I centenari di oggi sono quindi persone forti, sono stati grandi lavoratori, ottimisti, estroversi, resilienti, ancora dominanti alla loro età, prepotenti ed anche un po’ filosofi. Questa tendenza a controllare il mondo circostante è “indice di una notevole grinta che è bilanciata dalla necessità di adattarsi alle circostanze che cambiano”. La gran parte dei nostri centenari è contenta, orgogliosa di aver superato tanti ostacoli e di essere arrivata in molti casi abbondantemente oltre la soglia dei 100 anni.
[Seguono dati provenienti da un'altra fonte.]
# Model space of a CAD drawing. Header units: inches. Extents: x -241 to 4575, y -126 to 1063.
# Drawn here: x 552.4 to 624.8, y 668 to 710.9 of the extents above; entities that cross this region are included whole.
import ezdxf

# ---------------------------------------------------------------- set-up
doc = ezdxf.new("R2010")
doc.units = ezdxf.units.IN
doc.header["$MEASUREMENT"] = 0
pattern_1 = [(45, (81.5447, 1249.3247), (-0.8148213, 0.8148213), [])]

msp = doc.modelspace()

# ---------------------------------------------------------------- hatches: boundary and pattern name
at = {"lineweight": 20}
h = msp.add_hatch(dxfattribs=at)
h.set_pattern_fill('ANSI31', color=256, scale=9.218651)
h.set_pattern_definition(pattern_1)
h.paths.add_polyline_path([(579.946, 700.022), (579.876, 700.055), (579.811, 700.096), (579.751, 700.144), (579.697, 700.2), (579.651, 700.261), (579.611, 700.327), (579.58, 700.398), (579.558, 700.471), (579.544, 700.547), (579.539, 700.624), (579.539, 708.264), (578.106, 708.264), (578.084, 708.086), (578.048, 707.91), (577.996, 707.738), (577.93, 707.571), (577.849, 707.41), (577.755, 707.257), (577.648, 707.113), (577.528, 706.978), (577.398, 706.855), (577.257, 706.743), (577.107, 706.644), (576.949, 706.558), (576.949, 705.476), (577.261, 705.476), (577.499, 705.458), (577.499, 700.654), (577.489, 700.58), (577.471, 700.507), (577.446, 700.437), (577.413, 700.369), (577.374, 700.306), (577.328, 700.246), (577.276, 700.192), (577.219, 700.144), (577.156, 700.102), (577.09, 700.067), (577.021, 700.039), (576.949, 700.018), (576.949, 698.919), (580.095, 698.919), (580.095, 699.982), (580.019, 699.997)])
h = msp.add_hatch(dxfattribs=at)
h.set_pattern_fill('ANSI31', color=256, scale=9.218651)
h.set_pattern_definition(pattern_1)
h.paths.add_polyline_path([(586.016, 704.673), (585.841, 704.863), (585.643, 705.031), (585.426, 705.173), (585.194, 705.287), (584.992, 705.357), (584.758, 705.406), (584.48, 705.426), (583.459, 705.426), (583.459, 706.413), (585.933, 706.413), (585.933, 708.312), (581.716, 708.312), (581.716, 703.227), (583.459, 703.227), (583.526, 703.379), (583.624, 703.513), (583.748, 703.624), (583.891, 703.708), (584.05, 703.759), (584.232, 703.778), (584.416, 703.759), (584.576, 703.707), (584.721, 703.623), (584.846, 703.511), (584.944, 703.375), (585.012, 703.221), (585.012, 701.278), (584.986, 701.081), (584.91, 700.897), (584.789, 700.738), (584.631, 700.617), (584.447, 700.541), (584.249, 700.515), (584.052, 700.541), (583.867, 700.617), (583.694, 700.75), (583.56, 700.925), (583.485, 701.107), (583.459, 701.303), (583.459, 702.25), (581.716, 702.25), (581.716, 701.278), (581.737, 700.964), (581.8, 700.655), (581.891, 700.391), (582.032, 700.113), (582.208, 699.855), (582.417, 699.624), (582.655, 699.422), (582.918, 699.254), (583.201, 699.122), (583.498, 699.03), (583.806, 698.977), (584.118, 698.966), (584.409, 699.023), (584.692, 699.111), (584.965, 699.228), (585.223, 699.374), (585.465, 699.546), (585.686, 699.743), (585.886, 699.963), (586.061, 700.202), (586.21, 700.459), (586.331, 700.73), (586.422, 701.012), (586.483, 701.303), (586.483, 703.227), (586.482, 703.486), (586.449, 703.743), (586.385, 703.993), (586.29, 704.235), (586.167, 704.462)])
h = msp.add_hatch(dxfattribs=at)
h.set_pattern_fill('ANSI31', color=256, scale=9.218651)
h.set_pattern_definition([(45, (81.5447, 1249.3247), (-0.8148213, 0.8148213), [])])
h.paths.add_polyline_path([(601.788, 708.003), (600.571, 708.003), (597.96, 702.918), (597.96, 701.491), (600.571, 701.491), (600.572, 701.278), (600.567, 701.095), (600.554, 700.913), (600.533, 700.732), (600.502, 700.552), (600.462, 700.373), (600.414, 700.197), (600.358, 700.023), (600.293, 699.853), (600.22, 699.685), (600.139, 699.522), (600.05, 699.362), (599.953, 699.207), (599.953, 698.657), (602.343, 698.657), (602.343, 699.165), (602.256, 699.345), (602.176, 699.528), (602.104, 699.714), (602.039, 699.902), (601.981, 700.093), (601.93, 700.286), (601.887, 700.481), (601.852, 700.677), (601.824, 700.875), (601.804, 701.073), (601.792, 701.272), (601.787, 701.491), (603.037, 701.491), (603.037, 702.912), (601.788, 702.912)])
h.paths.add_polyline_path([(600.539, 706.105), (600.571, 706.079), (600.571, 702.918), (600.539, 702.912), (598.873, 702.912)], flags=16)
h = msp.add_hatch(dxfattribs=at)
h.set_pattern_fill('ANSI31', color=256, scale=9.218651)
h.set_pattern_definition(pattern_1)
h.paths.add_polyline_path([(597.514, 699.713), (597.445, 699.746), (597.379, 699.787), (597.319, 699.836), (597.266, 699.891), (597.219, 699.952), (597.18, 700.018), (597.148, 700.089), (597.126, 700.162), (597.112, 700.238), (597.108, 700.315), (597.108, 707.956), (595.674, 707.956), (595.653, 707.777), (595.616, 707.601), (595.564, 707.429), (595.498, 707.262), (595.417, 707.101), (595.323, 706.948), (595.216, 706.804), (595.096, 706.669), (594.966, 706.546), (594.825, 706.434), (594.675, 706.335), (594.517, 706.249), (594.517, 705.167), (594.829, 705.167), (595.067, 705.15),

Sono persone che hanno vissuto in modo positivo la propria esperienza di vita, e alcune recenti ricerche hanno dimostrato che chi pensa positivo ha “maggiori probabilità di vivere più a lungo, forse perché capace di regolare le emozioni ed il comportamento nonché di riprendersi da fattori di stress e difficoltà in modo più efficace di altri” e perché tende ad avere abitudini e stili di vita più sani. Molti centenari hanno favorevolmente accettato di sottoporsi al vaccino anti Covid-19, desiderosi di continuare a vivere in sicurezza; quindi, nonostante la ragguardevole età raggiunta, sono ancora proiettati verso il loro futuro, perfettamente consapevoli delle difficoltà del vivere quotidiano, ma pronti ad affrontarle al meglio possibile.
È quindi ipotizzabile che il loro “status” in buona salute psico-fisica, dovuto alle loro intrinseche ottimali caratteristiche, sia stato determinante nel superare la pandemia ed abbia potuto rappresentare quindi una “rivincita” rispetto a quanto accaduto negli anziani 80enni che non hanno potuto vantare analoghe condizioni psico-fisiche di buona salute.